REITs vs Direct Property Investment: Which Performs Better in 2026?
- Robert Hasman
- Mar 25
- 3 min read
In 2026, investors are carefully comparing different ways to enter the commercial real estate market. Two of the most popular options are Real Estate Investment Trusts (REITs) and direct property investment. Both have their own benefits and risks. According to experts like Robert Hasman, choosing the right option depends on your financial goals, risk tolerance, and investment strategy.

Understanding REITs
REITs are companies that own, operate, or finance income-producing real estate. Investors can buy shares of these companies just like stocks.
This makes REITs a simple and accessible way to invest in real estate without owning physical property. They also offer regular income through dividends, which is attractive for many investors.
REITs are traded on stock exchanges, making them easy to buy and sell.
Understanding Direct Property Investment
Direct property investment involves buying and managing a physical property. This could be an office building, retail space, or warehouse.
Unlike REITs, investors have full control over their property. They can decide how to manage it, choose tenants, and make improvements to increase value.
However, this approach requires more capital, time, and effort.
Performance in 2026: Key Differences
In 2026, market conditions are influencing how both options perform. Interest rates, economic growth, and tenant demand are all playing important roles.
REITs tend to react quickly to market changes because they are traded like stocks. This means their prices can go up or down rapidly.
On the other hand, direct property investments are usually more stable. Their value changes more slowly, making them less sensitive to short-term market fluctuations. Robert Hasman notes that this stability can be a major advantage during uncertain times.
Liquidity and Flexibility
Liquidity is one of the biggest advantages of REITs. Investors can easily sell their shares whenever they want. This provides flexibility and quick access to cash.
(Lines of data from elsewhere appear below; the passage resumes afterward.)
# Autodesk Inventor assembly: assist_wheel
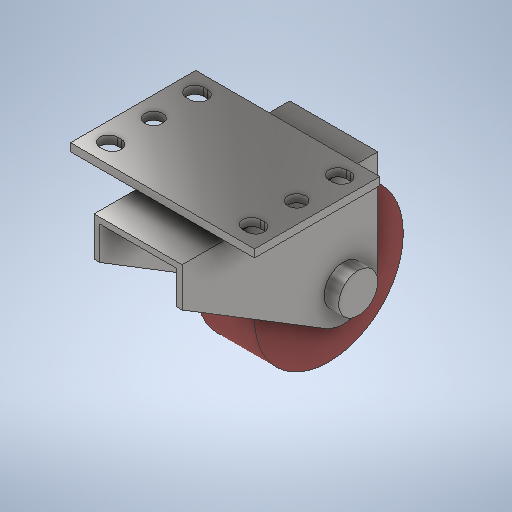
[picture p0: Inventor's stored thumbnail of the model, 512x512]
Saved by Autodesk Inventor 2026.2 (Build 302298010, 298A)
## iProperties
Created: 2026-03-29
Part Number: assist_wheel
Document SubType Name: Assembly
Designer: chanh
Author: chanh
## Documents named in this file (3)
- C:\Users\chanh\내 드라이브\교과공부\2026년 1학기 (4학년 1학기)\01창의제품설계\CLOSE_hardware\02하체\assist_wheel.iam
- C:\Users\chanh\내 드라이브\교과공부\2026년 1학기 (4학년 1학기)\01창의제품설계\CLOSE_hardware\02하체\assist_wheel.ipt
- C:\Users\chanh\내 드라이브\교과공부\2026년 1학기 (4학년 1학기)\01창의제품설계\CLOSE_hardware\02하체\assist_wheel_upper.ipt
## Components (2 placed, 2 different names)
1. assist_wheel:1 — Flush:1, Flush:2, Flush:3, Rotational:1
2. assist_wheel_upper:1 — Rotational:1
## Relationships (4: Flush 3, RevoluteJoint 1)
- Flush:1: assist_wheel:1
- Flush:2: assist_wheel:1
- Flush:3: assist_wheel:1
- Rotational:1 [RevoluteJoint]: assist_wheel:1 ↔ assist_wheel_upper:1
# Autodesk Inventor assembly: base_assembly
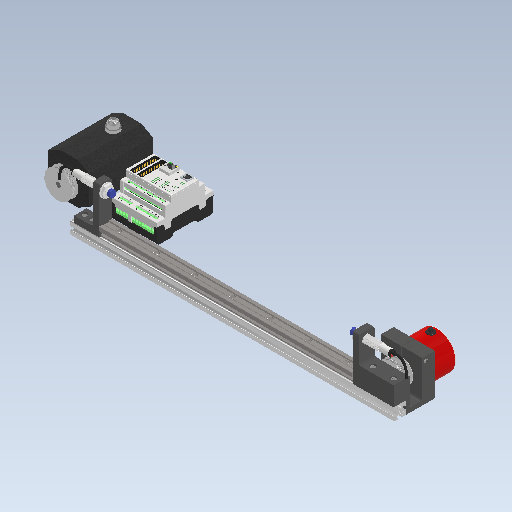
[picture p0: Inventor's stored thumbnail of the model, 512x512]
Saved by Autodesk Inventor 2021 (Build 250183000, 183)
## iProperties
Created: 2022-07-01
Part Number: base_assembly
Document SubType Name: Assembly
Designer: lenna
Author: lenna
## Documents named in this file (16)
- C:\Users\lenna\Desktop\Lennart\Uni\Master\2. Semester\SDM\CAD_neu\base_assembly.iam
- C:\Users\lenna\Desktop\Lennart\Uni\Master\2. Semester\SDM\CAD_neu\item_profile.ipt
- C:\Users\lenna\Desktop\Lennart\Uni\Master\2. Semester\SDM\CAD_neu\rail.ipt
- C:\Users\lenna\Desktop\Lennart\Uni\Master\2. Semester\SDM\CAD_neu\pulley_positioner.ipt
- C:\Users\lenna\Desktop\Lennart\Uni\Master\2. Semester\SDM\CAD_neu\inductive_sensor_adapter.ipt
- C:\Users\lenna\Desktop\Lennart\Uni\Master\2. Semester\SDM\CAD_neu\inductive_sensor.ipt
- C:\Users\lenna\Desktop\Lennart\Uni\Master\2. Semester\SDM\CAD_neu\opkon_encoder.ipt
- C:\Users\lenna\Desktop\Lennart\Uni\Master\2. Semester\SDM\CAD_neu\gt2_60.ipt
- C:\Users\lenna\Desktop\Lennart\Uni\Master\2. Semester\SDM\CAD_neu\controllino_maxi_automation.ipt
- C:\Users\lenna\Desktop\Lennart\Uni\Master\2. Semester\SDM\CAD_neu\dunkermotor.ipt
- C:\Users\lenna\Desktop\Lennart\Uni\Master\2. Semester\SDM\CAD_neu\M3_threaded_rod_70.ipt
- C:\Users\lenna\Desktop\Lennart\Uni\Master\2. Semester\SDM\CAD_neu\M4_groove_stone.ipt
- C:\Users\lenna\Documents\Inventor\Content Center Files\R2021\en-US\ISO 4762(1)\DIN EN ISO 4762 - M4 x 30.ipt
- C:\Users\lenna\Documents\Inventor\Content Center Files\R2021\en-US\ISO 4762(1)\DIN EN ISO 4762 - M4 x 10.ipt
- C:\Users\lenna\Documents\Inventor\Content Center Files\R2021\en-US\ISO 4762(1)\DIN EN ISO 4762 - M4 x 16.ipt
- C:\Users\lenna\Documents\Inventor\Content Center Files\R2021\en-US\DIN EN ISO 4035\DIN EN ISO 4035 - M3.ipt
## Components (37 placed, 15 different names)
1. item_profile:1 — Mate:1, Mate:2, Flush:1, Mate:3, Mate:4, Mate:5, Flush:2, Flush:3, Mate:6, Mate:7, Flush:4
2. item_profile:2 — Mate:5, Flush:2, Flush:3, Mate:9, Flush:5
3. rail:1 — Mate:3, Mate:4, Mate:8, Mate:10, Insert:12
4. pulley_positioner:1 — Mate:6, Mate:7, Flush:4, Mate:8, Insert:1, Insert:3, Insert:6, Insert:8, Insert:13, Insert:14
5. inductive_sensor_adapter:1 — Mate:9, Flush:5, Mate:10, Insert:4, Insert:10
6. inductive_sensor:1 — Insert:3, Angle:2
7. inductive_sensor:2 — Insert:4, Angle:3
8. opkon_encoder:1 — Insert:1, Angle:1, Insert:2
9. gt2_60:1 — Insert:2, Flush:6
10. gt2_60:2 — Insert:5, Flush:6
11. dunkermotor:1 — Mate:11, Insert:5, Mate:13
12. controllino_maxi_automation:1 — Mate:12, Mate:13
13. M3_threaded_rod_70:1 — Insert:6
14. DIN EN ISO 4035 M3:1 — Insert:13
15. DIN EN ISO 4035 M3:2 — Insert:14
16. DIN EN ISO 4762 M4 x 30:1 — Insert:7, Insert:8
17. M4_groove_stone:1 — Insert:7
18. DIN EN ISO 4762 M4 x 30:2
19. M4_groove_stone:2
20. DIN EN ISO 4762 M4 x 10:1 — Insert:10
21. M4_groove_stone:3
22. DIN EN ISO 4762 M4 x 10:2
23. M4_groove_stone:4
24. DIN EN ISO 4762 M4 x 16:1 — Insert:12
25. M4_groove_stone:5
26. DIN EN ISO 4762 M4 x 16:2
27. M4_groove_stone:6
28. DIN EN ISO 4762 M4 x 16:3
29. M4_groove_stone:7
30. DIN EN ISO 4762 M4 x 16:4
31. M4_groove_stone:8
32. DIN EN ISO 4762 M4 x 16:5
33. M4_groove_stone:9
34. DIN EN ISO 4762 M4 x 16:6
35. M4_groove_stone:10
36. DIN EN ISO 4762 M4 x 16:7
37. M4_groove_stone:11
## Component patterns: (2 elements, first: DIN EN ISO 4762 M4 x 30:1 + M4_groove_stone:1), (2 elements, first: DIN EN ISO 4762 M4 x 10:1 + M4_groove_stone:3), (7 elements, first: DIN EN ISO 4762 M4 x 16:1 + M4_groove_stone:5)
## Relationships (36: Insert 14, Mate 13, Flush 6, Angle 3)
- Mate:1: item_profile:1
- Mate:2: item_profile:1
- Flush:1: item_profile:1
- Mate:3: item_profile:1 ↔ rail:1
- Mate:4: item_profile:1 ↔ rail:1
- Mate:5: item_profile:1 ↔ item_profile:2
- Flush:2: item_profile:1 ↔ item_profile:2
- Flush:3: item_profile:1 ↔ item_profile:2
- Mate:6: item_profile:1 ↔ pulley_positioner:1
- Mate:7: item_profile:1 ↔ pulley_positioner:1
- Flush:4: item_profile:1 ↔ pulley_positioner:1
- Mate:8: rail:1 ↔ pulley_positioner:1
- Insert:1: pulley_positioner:1 ↔ opkon_encoder:1
- Angle:1 (0 deg): opkon_encoder:1
- Insert:2 (1 mm): opkon_encoder:1 ↔ gt2_60:1
- Insert:3: pulley_positioner:1 ↔ inductive_sensor:1
- Angle:2 (180 deg): inductive_sensor:1
- Mate:9: item_profile:2 ↔ inductive_sensor_adapter:1
- Flush:5: item_profile:2 ↔ inductive_sensor_adapter:1
- Mate:10: rail:1 ↔ inductive_sensor_adapter:1
- Insert:4: inductive_sensor_adapter:1 ↔ inductive_sensor:2
- Angle:3 (0 deg): inductive_sensor:2
- Mate:11: dunkermotor:1
- Mate:12: controllino_maxi_automation:1
- Insert:5: gt2_60:2 ↔ dunkermotor:1
- Flush:6: gt2_60:1 ↔ gt2_60:2
- Mate:13 (25 mm): dunkermotor:1 ↔ controllino_maxi_automation:1
- Insert:6 (-2.5 mm): pulley_positioner:1 ↔ M3_threaded_rod_70:1
- Insert:7 (1 mm): DIN EN ISO 4762 M4 x 30:1 ↔ M4_groove_stone:1
- Insert:8: pulley_positioner:1 ↔ DIN EN ISO 4762 M4 x 30:1
- [Insert] (1 mm): DIN EN ISO 4762 M4 x 10:1 ↔ M4_groove_stone:3
- Insert:10: inductive_sensor_adapter:1 ↔ DIN EN ISO 4762 M4 x 10:1
- [Insert] (1 mm): DIN EN ISO 4762 M4 x 16:1 ↔ M4_groove_stone:5
- Insert:12: rail:1 ↔ DIN EN ISO 4762 M4 x 16:1
- Insert:13: pulley_positioner:1 ↔ DIN EN ISO 4035 M3:1
- Insert:14: pulley_positioner:1 ↔ DIN EN ISO 4035 M3:2
## Named parameters: d37_d31 = 1 mm, d43_d31 = 1 mm

Direct property investment is less liquid. Selling a property can take months and involves legal and financial processes.
However, direct ownership allows investors to make quick decisions about the property itself, such as renovations or lease changes.
Risk and Control
REITs offer diversification because they invest in multiple properties across different sectors. This reduces the risk of relying on a single asset.
But with REITs, investors have no direct control over decisions. Everything is managed by professionals.
In contrast, direct property investment gives full control. Investors can influence returns through active management. Robert Hasman highlights that this control can lead to higher returns if managed well, but it also comes with higher risk.
Income and Returns
REITs are known for providing steady dividend income. This makes them ideal for investors looking for regular cash flow.
Direct property investments can also generate income through rent. In addition, they offer potential for higher long-term appreciation.
The returns from direct investment may be higher, but they are less predictable and depend on property management and market conditions.
Costs and Effort
REITs are easier to manage since investors do not handle property operations. This makes them suitable for those who prefer a passive investment approach.
Direct property investment requires more effort. Investors must deal with maintenance, tenant issues, and legal responsibilities.
There are also higher upfront costs involved, including down payments and transaction fees.
Which Performs Better in 2026?
The answer depends on what an investor is looking for. In 2026, REITs are performing well for those who value liquidity and simplicity. They are ideal for beginners or those who want a hands-off approach.
Direct property investment is better suited for experienced investors who are willing to take on more responsibility for potentially higher returns. Robert Hasman suggests that combining both strategies can also be a smart move to balance risk and reward.
Conclusion
REITs and direct property investment both offer valuable opportunities in 2026. Each has its strengths and challenges.
REITs provide ease, liquidity, and diversification, while direct property investment offers control and long-term growth potential.
By understanding these differences and aligning them with your goals, you can make smarter investment decisions. Insights from experts like Robert Hasman show that there is no one-size-fits-all answer—success comes from choosing the strategy that fits you best.